(Task to carry out): Using the entries that follow, give only the number of lines with the word "Park" in them.

(Material for the task):
--- START ---

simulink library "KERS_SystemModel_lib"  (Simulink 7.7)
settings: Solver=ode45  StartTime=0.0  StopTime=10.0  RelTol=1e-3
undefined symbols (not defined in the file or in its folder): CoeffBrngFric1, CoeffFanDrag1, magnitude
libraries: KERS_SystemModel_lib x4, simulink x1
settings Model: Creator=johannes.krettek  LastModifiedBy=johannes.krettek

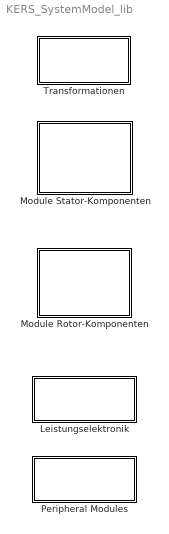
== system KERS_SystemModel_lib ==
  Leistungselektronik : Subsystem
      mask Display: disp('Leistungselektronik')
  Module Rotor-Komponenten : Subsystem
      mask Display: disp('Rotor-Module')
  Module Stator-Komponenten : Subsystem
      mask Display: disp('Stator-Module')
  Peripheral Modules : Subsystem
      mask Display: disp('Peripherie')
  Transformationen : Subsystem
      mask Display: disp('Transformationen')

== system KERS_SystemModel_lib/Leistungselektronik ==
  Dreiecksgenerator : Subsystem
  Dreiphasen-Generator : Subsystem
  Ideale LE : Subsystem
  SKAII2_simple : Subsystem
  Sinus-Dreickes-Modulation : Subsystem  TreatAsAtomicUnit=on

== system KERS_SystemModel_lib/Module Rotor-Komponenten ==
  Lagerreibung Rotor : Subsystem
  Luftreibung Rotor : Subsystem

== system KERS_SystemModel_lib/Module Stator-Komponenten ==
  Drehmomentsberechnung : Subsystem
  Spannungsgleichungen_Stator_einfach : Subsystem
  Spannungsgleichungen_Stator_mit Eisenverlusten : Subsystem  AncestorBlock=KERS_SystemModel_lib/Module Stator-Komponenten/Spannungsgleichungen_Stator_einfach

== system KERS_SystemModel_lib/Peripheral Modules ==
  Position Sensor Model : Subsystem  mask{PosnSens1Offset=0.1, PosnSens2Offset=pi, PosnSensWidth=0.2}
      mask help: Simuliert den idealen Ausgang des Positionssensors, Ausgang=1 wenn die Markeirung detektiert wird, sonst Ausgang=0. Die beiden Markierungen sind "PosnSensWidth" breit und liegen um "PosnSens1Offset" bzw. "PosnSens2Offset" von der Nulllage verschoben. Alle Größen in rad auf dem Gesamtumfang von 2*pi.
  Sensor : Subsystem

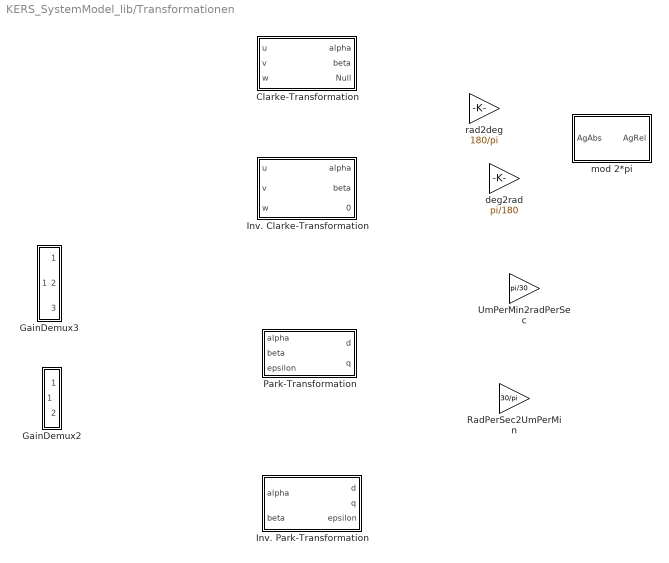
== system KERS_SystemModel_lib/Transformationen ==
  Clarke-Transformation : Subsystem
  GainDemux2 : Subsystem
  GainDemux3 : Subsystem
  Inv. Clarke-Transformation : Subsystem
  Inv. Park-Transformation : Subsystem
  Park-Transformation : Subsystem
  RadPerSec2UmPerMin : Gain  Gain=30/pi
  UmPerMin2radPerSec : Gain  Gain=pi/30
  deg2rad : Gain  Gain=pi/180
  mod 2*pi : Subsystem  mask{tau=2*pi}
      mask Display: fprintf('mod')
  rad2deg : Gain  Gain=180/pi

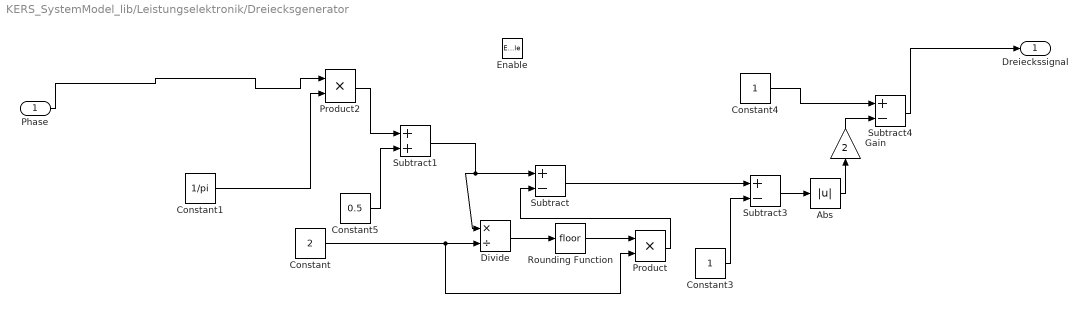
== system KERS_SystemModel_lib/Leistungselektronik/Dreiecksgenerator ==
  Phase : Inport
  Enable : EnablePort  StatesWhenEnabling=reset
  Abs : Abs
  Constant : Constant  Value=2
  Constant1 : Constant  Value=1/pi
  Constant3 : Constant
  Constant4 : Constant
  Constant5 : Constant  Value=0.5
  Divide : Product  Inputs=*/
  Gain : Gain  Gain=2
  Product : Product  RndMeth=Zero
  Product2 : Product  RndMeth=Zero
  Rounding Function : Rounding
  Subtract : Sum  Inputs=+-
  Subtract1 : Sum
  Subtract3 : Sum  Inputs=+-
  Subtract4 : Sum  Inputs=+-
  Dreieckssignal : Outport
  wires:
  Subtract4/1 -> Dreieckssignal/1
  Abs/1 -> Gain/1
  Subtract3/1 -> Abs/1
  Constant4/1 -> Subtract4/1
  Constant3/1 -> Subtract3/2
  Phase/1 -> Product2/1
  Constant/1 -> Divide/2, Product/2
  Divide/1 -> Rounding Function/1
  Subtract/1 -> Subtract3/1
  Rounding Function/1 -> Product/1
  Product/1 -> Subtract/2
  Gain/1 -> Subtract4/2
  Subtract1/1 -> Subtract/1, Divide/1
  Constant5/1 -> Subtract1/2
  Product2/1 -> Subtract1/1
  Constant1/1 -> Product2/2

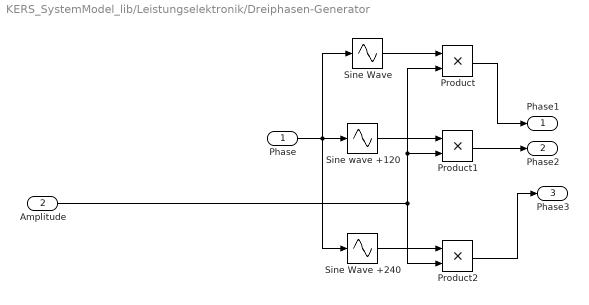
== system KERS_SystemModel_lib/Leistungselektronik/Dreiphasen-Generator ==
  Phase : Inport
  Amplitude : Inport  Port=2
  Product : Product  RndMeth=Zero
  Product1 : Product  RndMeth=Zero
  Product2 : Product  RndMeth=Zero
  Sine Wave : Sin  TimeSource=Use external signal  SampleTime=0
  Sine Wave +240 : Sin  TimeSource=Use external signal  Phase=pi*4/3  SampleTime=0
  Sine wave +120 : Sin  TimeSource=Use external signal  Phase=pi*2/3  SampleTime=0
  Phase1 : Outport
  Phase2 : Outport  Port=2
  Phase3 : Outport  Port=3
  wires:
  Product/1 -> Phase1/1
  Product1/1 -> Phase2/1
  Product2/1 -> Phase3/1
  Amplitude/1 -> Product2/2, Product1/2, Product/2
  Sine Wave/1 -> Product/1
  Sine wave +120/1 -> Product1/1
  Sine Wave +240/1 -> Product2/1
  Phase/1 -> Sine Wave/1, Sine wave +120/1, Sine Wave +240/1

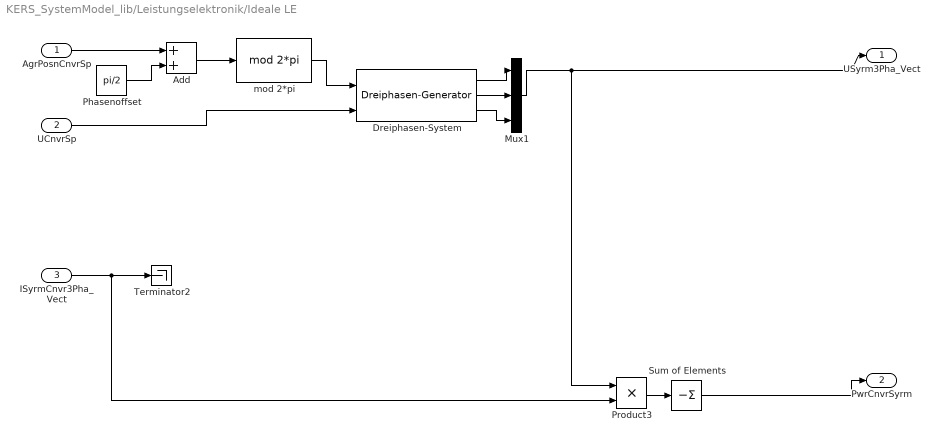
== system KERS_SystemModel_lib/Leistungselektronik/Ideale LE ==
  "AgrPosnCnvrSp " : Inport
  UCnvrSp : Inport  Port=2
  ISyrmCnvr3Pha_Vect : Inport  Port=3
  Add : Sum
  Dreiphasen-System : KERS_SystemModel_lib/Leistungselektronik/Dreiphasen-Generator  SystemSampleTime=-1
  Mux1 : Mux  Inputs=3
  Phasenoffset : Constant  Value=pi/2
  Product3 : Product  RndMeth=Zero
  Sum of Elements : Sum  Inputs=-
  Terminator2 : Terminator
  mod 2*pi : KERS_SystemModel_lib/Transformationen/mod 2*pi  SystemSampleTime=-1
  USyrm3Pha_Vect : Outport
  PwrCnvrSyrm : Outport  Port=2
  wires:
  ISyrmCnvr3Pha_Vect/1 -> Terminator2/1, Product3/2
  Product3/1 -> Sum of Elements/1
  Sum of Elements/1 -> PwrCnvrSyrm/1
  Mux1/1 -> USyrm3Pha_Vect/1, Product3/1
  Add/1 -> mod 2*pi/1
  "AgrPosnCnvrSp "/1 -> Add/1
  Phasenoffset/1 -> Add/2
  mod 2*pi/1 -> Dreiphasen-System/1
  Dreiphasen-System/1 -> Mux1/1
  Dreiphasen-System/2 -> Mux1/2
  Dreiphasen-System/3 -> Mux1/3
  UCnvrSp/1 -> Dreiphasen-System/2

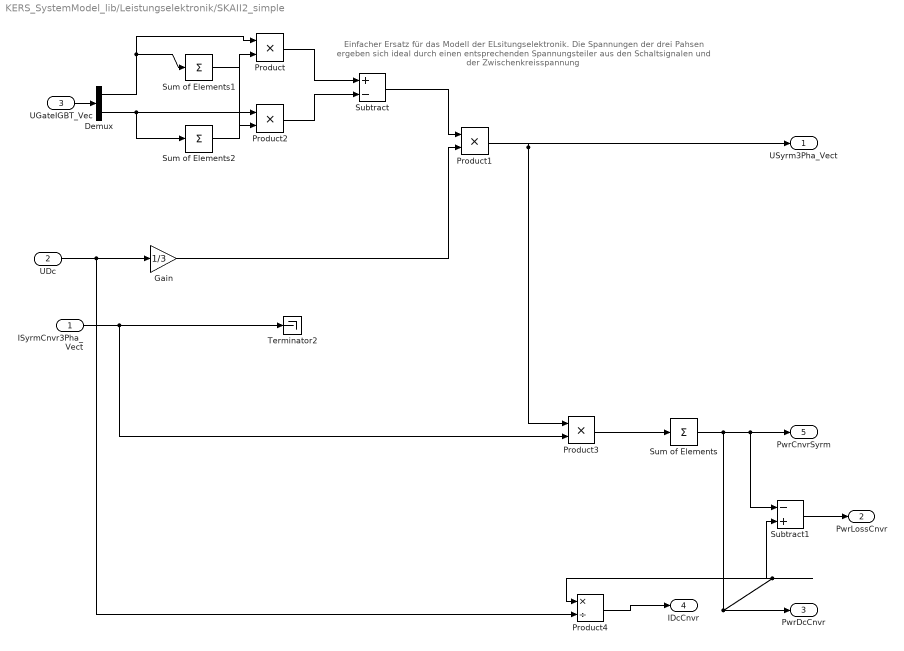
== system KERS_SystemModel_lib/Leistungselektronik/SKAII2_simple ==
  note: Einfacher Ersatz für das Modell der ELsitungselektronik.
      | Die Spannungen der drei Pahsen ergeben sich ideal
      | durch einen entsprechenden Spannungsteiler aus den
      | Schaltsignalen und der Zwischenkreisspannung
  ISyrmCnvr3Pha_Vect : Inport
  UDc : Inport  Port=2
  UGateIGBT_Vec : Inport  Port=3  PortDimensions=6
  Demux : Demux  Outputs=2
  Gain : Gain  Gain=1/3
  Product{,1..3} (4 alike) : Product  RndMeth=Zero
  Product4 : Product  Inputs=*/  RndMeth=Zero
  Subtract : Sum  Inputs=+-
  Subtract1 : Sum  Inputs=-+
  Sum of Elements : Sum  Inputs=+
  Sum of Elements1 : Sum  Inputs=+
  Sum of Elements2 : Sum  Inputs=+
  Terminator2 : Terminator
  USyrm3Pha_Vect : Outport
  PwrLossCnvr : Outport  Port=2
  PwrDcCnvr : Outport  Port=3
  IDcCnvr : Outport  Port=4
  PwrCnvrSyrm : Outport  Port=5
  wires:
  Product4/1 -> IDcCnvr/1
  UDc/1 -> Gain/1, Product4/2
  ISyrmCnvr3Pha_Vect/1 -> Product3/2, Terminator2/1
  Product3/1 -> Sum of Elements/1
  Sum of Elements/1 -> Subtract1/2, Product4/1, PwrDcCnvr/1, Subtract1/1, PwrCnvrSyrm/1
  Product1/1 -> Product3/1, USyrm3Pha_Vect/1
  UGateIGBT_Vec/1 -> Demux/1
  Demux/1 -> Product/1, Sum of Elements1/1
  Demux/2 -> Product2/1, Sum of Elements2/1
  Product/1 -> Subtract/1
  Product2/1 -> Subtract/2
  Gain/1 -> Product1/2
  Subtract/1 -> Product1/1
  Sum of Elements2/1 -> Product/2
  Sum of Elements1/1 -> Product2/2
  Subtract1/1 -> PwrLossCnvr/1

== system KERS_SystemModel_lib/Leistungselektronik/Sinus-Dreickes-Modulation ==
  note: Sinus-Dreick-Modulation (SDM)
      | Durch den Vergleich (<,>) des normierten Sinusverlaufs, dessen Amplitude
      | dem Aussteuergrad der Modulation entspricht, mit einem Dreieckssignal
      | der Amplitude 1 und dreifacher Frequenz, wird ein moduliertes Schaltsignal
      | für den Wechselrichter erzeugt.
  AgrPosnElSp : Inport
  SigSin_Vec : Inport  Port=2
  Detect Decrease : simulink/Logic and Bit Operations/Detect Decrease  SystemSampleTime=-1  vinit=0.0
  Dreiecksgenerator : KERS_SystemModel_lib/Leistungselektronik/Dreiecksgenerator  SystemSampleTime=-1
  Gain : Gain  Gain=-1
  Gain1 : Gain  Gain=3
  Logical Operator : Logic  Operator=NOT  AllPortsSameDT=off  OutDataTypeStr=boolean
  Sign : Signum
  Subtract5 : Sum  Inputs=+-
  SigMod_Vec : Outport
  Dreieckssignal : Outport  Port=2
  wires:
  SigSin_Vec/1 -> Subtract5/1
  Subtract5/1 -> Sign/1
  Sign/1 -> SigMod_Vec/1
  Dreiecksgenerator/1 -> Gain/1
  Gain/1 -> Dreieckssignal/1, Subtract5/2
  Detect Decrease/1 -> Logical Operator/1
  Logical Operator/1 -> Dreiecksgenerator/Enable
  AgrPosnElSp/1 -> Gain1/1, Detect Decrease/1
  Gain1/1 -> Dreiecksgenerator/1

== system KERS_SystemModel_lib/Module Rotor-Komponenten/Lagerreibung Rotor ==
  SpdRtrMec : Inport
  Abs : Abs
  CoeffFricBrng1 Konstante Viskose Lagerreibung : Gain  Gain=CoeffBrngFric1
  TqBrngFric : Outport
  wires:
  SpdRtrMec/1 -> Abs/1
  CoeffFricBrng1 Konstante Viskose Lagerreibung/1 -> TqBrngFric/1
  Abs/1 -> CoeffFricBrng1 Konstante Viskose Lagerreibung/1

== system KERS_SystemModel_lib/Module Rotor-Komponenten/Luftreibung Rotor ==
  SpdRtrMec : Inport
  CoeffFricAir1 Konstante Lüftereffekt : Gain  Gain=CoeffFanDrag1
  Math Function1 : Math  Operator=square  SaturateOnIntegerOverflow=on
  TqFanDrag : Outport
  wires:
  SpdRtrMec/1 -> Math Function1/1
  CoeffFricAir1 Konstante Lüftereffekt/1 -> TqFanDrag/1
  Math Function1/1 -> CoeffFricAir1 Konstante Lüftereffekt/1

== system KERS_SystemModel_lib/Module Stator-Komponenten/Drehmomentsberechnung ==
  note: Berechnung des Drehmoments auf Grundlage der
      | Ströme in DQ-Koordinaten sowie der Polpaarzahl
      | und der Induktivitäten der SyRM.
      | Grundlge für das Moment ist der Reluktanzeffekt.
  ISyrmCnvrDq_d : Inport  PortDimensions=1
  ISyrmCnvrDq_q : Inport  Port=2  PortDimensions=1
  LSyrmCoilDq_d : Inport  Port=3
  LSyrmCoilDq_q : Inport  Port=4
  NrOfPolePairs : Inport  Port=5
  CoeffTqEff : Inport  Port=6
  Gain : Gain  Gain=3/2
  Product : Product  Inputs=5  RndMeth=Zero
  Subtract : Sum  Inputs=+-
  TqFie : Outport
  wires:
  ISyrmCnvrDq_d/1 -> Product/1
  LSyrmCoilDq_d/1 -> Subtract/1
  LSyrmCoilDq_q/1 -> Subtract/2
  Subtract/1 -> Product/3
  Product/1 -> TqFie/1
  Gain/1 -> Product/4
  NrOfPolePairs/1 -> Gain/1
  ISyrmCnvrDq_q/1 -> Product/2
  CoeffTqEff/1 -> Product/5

--- END ---

(Answer space): 2